6 thoughts on “The Interfaith Potluck”

  1. Great post, Rabbi Adar (though my stomach could have done without your food analogy! 😁 lol).
    I too am opposed to the idea that we can ignore the distinctions between various religious traditions or distill them to a Universal Philosophy that all people could share, because to do so we would have to generalize each of them to such an extent that we would strip each of the beauty that made it a Vessel of Wisdom.
    That is not to say, however, that I do not believe whole-heartedly that there is a place where all religions are “one” . . . because I do. But that “place” occurs well past doctrine, dogma, and practice, at the point when faithful practice of the depths of any specific religion allows a practitioner of any of the world’s major religions to step out of the mitzrayim (narrow straight) of selfishness/fear/scarcity and into the open field of selflessness/love/abundance that occurs in the Presence of the Infinite Eternal One, Who goes by many names.

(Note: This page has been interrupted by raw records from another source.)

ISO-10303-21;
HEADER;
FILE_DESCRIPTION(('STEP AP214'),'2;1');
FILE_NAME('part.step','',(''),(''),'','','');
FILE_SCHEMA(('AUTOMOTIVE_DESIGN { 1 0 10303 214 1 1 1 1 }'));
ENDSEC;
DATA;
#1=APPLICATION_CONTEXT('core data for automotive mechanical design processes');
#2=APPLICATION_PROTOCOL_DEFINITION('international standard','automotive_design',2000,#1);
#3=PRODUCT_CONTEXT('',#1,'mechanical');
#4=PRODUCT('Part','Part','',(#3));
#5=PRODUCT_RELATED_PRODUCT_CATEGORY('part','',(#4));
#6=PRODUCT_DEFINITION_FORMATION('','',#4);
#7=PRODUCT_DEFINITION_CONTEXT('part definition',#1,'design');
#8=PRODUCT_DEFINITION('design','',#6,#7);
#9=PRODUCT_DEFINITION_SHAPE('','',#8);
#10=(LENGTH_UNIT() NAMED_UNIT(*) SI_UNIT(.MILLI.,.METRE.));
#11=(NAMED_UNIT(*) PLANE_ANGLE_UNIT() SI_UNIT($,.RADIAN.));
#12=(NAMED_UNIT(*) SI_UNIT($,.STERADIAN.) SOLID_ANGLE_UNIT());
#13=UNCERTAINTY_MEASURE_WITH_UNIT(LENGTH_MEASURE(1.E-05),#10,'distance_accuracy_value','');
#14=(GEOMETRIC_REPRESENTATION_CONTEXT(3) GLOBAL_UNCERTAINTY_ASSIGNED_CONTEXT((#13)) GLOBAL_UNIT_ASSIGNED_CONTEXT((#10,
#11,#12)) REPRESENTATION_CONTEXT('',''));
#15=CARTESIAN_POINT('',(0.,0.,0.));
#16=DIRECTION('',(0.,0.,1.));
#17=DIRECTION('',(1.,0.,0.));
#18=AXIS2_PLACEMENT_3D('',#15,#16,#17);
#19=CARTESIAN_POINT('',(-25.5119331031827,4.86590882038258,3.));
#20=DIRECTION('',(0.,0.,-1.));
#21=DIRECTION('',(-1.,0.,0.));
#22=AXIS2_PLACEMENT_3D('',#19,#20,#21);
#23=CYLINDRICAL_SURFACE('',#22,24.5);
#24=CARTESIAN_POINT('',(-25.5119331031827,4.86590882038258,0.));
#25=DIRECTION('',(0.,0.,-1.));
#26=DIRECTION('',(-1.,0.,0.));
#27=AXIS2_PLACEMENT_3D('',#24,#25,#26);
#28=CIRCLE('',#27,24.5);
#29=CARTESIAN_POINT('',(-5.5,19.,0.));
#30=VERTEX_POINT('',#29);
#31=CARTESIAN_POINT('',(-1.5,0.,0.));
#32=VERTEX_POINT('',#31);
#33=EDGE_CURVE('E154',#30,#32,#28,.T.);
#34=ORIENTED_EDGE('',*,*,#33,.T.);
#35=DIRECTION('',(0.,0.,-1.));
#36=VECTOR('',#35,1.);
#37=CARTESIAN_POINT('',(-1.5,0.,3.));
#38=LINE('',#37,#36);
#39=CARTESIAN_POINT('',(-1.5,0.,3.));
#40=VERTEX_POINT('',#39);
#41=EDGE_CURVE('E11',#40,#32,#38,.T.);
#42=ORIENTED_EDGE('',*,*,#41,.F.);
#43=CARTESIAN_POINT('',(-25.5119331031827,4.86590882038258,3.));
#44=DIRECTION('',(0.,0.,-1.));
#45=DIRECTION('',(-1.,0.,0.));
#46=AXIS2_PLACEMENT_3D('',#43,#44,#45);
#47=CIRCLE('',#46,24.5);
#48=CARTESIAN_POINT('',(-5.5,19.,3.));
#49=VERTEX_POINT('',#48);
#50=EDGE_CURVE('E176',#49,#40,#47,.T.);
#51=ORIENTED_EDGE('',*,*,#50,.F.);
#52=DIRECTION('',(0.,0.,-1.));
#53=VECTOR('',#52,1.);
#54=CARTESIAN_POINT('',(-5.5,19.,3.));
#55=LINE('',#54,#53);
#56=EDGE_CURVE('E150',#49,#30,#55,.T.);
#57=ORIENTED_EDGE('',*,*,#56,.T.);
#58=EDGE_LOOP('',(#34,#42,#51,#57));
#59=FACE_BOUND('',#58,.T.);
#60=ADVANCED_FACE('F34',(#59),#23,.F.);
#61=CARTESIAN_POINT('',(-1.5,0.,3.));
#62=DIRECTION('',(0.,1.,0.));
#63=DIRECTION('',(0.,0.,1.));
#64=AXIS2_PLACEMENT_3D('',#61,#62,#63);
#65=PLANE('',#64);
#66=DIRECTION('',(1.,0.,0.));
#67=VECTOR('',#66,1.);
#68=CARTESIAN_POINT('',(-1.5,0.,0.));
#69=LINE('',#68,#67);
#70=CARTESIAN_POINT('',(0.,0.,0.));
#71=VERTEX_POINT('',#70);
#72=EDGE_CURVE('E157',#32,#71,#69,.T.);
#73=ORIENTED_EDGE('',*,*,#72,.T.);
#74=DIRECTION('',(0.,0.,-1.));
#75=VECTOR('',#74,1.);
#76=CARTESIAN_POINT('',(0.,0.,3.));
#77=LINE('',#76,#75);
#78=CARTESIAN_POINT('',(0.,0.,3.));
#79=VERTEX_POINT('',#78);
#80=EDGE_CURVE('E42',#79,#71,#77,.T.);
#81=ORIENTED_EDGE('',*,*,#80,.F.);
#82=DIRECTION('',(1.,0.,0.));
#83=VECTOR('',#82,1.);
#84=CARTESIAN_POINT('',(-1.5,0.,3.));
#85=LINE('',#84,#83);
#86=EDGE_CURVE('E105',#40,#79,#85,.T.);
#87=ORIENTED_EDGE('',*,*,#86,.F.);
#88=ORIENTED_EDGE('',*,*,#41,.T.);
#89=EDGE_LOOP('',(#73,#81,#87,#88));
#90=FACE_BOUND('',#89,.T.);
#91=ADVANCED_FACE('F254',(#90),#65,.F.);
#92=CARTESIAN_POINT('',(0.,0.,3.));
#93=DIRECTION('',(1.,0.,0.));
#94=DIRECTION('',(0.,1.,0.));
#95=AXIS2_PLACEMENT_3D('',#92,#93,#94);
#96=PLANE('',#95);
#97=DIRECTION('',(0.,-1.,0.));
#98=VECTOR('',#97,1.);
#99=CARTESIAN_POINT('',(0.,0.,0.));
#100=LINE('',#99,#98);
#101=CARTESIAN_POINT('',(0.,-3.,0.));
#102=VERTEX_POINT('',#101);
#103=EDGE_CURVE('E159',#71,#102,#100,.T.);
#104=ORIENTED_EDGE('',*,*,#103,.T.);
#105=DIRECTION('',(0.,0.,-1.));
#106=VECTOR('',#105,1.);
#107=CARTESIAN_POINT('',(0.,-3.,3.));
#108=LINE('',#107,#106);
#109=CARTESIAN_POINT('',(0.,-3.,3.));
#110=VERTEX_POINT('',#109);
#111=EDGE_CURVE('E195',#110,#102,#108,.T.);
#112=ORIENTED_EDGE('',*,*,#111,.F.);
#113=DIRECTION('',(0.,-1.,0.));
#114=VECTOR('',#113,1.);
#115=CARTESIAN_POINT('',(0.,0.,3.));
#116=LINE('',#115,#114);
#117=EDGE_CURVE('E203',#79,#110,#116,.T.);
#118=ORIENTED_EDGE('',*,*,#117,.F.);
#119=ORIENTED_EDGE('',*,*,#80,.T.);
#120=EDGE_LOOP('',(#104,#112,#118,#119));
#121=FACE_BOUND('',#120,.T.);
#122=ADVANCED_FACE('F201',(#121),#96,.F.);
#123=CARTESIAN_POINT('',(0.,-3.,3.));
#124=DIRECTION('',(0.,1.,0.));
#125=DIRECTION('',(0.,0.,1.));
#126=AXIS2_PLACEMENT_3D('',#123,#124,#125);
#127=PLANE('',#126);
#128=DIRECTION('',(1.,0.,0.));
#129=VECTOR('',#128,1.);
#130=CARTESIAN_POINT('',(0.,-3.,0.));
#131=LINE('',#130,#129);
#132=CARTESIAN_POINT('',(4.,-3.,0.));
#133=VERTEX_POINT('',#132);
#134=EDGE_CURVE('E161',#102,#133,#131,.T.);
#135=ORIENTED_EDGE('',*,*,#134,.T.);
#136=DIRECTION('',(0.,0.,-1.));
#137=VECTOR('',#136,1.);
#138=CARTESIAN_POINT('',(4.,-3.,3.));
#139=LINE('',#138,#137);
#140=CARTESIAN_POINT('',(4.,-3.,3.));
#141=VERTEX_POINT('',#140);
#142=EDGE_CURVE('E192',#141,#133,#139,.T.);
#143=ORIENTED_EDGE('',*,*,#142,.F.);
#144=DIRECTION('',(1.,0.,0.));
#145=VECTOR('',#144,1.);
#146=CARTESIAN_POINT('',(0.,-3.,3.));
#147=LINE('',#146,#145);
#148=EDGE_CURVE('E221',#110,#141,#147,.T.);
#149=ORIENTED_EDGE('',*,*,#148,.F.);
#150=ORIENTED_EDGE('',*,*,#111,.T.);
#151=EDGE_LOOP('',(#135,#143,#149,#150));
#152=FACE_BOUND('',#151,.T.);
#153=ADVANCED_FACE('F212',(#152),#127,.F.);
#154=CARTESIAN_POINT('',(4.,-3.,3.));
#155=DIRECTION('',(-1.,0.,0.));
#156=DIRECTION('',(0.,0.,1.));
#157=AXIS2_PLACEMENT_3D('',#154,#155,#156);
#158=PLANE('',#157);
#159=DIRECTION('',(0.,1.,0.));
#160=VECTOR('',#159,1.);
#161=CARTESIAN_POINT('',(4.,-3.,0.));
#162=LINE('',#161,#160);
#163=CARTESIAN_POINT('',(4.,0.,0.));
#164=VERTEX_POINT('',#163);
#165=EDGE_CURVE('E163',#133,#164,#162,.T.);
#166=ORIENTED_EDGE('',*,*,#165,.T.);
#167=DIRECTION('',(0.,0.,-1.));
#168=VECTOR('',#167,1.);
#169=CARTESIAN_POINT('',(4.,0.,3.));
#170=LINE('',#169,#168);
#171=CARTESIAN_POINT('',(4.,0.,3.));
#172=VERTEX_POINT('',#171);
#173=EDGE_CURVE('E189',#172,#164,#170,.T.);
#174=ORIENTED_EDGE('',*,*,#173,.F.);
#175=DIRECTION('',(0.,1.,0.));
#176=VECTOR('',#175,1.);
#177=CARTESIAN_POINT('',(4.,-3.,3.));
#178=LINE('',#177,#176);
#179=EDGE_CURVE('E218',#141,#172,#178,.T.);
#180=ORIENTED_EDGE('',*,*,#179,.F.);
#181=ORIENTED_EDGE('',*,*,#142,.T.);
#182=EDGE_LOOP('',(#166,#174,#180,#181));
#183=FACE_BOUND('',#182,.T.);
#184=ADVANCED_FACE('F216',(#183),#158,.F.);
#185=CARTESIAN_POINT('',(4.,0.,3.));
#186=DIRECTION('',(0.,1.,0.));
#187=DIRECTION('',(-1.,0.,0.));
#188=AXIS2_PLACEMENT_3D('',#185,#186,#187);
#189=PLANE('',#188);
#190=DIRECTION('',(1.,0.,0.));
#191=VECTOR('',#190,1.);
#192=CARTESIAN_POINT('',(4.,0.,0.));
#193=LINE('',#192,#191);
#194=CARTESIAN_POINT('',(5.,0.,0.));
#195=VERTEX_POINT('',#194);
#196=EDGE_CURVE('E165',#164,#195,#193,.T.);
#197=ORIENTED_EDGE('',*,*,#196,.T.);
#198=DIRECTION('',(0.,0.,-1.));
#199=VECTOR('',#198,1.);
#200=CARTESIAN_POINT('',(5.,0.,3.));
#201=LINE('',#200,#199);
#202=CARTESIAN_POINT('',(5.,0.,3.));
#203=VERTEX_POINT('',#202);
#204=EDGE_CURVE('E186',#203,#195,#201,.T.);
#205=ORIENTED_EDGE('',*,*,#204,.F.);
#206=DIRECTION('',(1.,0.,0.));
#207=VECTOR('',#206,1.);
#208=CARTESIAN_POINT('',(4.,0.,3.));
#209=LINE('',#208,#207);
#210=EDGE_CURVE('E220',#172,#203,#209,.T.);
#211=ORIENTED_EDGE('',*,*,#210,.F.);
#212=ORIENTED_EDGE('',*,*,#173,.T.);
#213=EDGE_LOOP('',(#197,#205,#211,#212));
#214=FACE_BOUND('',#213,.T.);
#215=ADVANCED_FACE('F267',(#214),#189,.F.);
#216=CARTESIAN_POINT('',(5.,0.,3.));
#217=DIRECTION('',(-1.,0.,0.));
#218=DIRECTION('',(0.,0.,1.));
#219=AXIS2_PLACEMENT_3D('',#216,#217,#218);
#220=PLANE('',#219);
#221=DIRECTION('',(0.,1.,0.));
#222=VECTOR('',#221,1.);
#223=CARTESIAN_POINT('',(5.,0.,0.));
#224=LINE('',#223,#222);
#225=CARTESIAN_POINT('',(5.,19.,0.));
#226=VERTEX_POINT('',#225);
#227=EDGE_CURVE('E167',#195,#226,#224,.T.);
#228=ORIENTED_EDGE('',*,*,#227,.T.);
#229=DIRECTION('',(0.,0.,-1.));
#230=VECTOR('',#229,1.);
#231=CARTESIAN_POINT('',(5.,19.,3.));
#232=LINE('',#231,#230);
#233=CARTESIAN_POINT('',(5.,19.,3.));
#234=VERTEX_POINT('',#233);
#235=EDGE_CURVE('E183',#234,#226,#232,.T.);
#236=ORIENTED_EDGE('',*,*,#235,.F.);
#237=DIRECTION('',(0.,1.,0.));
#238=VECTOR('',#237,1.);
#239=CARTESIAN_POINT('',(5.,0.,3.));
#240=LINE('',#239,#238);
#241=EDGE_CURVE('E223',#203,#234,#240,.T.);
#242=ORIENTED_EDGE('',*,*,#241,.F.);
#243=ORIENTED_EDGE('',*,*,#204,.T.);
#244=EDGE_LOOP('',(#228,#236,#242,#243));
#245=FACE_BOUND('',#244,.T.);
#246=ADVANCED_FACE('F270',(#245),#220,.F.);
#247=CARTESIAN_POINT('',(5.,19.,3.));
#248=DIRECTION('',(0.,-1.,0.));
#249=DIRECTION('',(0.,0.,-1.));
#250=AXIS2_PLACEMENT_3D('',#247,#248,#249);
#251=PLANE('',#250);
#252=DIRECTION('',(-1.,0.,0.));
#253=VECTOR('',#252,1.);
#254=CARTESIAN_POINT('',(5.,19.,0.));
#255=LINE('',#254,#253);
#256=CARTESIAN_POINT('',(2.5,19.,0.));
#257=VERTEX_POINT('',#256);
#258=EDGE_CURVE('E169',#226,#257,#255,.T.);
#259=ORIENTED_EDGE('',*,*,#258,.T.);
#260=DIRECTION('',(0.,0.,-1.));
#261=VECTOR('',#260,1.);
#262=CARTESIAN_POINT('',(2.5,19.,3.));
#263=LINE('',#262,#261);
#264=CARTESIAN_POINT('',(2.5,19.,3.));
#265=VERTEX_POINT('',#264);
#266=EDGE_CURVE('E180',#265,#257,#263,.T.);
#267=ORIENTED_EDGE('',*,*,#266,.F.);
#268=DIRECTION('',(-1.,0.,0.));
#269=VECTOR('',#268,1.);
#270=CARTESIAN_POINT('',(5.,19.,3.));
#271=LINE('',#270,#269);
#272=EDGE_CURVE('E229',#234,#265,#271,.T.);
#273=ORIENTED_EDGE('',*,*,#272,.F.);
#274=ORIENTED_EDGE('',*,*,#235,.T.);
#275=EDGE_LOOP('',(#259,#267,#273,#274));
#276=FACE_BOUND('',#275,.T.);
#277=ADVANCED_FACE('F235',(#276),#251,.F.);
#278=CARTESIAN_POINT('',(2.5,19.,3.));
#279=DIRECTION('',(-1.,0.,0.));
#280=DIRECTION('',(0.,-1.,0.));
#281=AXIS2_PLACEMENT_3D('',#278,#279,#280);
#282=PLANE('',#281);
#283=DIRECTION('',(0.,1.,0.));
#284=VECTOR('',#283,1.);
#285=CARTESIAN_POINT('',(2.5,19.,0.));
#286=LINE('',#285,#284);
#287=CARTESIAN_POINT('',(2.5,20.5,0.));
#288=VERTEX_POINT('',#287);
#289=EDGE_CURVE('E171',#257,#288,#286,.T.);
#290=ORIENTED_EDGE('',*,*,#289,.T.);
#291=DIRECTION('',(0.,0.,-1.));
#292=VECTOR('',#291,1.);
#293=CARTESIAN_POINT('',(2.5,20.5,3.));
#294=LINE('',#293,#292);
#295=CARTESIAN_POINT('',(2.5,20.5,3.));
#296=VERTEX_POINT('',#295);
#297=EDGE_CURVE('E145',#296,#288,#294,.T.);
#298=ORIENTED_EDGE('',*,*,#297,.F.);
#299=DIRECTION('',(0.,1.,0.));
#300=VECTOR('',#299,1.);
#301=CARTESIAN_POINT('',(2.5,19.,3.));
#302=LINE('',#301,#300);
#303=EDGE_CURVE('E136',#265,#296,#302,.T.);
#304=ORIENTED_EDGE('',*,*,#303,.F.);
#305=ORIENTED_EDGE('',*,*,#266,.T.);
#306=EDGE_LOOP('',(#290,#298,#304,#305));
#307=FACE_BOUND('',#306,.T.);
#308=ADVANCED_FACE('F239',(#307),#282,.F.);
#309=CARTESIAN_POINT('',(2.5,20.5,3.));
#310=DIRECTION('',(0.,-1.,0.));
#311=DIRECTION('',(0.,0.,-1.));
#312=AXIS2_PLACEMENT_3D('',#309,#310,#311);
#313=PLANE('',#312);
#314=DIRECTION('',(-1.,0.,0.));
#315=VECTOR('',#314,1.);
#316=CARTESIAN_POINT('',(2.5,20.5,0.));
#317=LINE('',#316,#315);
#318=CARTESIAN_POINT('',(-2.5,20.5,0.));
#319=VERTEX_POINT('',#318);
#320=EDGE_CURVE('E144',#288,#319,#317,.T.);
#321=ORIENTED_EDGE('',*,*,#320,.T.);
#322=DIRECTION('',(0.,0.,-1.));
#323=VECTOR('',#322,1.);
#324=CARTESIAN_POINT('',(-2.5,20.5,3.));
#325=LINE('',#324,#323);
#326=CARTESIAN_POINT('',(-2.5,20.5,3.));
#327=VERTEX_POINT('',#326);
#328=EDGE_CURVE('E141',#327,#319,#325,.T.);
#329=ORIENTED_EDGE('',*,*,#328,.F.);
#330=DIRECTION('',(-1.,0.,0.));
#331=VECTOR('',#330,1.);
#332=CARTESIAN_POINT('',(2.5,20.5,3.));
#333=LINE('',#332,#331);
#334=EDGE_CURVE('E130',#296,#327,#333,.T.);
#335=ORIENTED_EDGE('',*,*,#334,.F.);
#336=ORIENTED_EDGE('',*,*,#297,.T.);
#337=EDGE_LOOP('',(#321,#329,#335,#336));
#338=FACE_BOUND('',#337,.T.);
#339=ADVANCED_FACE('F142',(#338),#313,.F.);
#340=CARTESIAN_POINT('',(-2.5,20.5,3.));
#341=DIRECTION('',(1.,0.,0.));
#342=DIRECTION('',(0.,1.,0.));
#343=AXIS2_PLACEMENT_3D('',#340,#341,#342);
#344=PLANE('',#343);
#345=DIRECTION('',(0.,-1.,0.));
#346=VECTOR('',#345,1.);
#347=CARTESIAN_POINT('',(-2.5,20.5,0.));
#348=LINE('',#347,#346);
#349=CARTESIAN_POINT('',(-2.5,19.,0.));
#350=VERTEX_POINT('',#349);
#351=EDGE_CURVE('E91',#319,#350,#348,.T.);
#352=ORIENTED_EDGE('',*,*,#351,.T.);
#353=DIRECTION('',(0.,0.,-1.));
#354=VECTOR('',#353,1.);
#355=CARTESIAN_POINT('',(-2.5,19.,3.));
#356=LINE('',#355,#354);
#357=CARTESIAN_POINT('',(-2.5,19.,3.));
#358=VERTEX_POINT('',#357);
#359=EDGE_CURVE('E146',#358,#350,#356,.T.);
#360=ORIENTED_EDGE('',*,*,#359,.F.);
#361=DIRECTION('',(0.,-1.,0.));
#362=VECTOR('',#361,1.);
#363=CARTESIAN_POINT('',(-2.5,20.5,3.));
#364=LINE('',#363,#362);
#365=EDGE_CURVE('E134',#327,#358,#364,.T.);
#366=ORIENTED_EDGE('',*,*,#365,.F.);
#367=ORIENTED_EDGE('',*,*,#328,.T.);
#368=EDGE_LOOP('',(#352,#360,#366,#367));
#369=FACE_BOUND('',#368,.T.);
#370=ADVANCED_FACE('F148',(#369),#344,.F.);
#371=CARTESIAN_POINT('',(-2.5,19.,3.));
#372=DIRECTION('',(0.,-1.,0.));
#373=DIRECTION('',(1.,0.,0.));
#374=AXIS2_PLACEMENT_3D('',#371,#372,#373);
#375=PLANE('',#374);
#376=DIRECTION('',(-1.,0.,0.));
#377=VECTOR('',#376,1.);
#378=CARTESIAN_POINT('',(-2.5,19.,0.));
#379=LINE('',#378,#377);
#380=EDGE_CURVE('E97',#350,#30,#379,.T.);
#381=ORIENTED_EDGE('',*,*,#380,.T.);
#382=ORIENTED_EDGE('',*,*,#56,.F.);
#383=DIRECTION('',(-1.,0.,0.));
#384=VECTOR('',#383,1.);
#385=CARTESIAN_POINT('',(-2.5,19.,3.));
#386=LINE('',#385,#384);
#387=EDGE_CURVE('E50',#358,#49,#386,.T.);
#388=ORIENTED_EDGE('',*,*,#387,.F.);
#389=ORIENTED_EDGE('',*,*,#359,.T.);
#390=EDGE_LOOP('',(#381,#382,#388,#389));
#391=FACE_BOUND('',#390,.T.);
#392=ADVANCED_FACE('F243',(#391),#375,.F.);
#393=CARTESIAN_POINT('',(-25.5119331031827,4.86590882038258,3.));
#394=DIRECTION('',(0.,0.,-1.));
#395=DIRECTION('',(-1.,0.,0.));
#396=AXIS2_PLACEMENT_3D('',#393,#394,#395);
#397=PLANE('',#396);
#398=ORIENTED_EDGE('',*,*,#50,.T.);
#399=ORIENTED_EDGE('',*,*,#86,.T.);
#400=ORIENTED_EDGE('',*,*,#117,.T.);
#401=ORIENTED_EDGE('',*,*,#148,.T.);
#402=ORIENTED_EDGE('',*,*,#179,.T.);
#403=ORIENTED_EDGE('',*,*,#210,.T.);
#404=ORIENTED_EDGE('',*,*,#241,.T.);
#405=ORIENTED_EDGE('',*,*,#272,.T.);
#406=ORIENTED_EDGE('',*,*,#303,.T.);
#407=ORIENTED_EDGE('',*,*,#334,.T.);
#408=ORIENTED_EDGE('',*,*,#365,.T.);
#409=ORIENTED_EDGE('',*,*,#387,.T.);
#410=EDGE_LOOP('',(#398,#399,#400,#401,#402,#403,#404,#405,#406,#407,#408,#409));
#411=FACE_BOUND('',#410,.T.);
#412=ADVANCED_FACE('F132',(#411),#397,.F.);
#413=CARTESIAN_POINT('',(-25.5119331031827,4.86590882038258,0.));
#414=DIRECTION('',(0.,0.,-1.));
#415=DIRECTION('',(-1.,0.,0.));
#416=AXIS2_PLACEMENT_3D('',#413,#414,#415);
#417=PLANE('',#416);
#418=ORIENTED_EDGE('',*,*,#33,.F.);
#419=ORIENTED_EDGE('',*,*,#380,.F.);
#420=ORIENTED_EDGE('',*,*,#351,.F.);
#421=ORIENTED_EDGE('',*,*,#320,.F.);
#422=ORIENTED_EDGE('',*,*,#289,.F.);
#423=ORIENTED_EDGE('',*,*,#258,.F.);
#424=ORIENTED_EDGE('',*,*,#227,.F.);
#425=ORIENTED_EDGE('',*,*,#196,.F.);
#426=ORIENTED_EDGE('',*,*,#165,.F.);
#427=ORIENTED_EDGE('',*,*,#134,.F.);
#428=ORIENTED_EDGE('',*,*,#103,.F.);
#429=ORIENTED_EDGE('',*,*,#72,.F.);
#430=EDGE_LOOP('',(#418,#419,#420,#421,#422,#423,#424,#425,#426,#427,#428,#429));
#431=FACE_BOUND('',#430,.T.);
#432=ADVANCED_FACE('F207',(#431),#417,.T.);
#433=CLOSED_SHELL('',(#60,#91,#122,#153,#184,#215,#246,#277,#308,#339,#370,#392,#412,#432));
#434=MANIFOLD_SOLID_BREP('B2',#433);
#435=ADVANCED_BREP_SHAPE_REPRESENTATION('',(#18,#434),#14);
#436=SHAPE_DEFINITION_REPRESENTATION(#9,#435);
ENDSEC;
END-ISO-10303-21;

    Once we understand that every religion is trying to move adherents toward the “open field,” then people of diverse religions can encourage one another to adopt and maintain the religion-specific practices and beliefs that help each individual practitioner move toward the “open field” from which open-hearted listening, compassionate dialogue, and peaceful resolution of conflict can occur. Then, we truly will be able to be unified across our diversity, supporting each person to grow toward the best version of him/her self by whichever religion best addresses that person’s spiritual needs.
    Sorry I’ve written so much; your post just really struck a chord with me! peace and blessings, jen

  2. I could not agree more! Embracing diversity means embracing differences. I love your food analogy.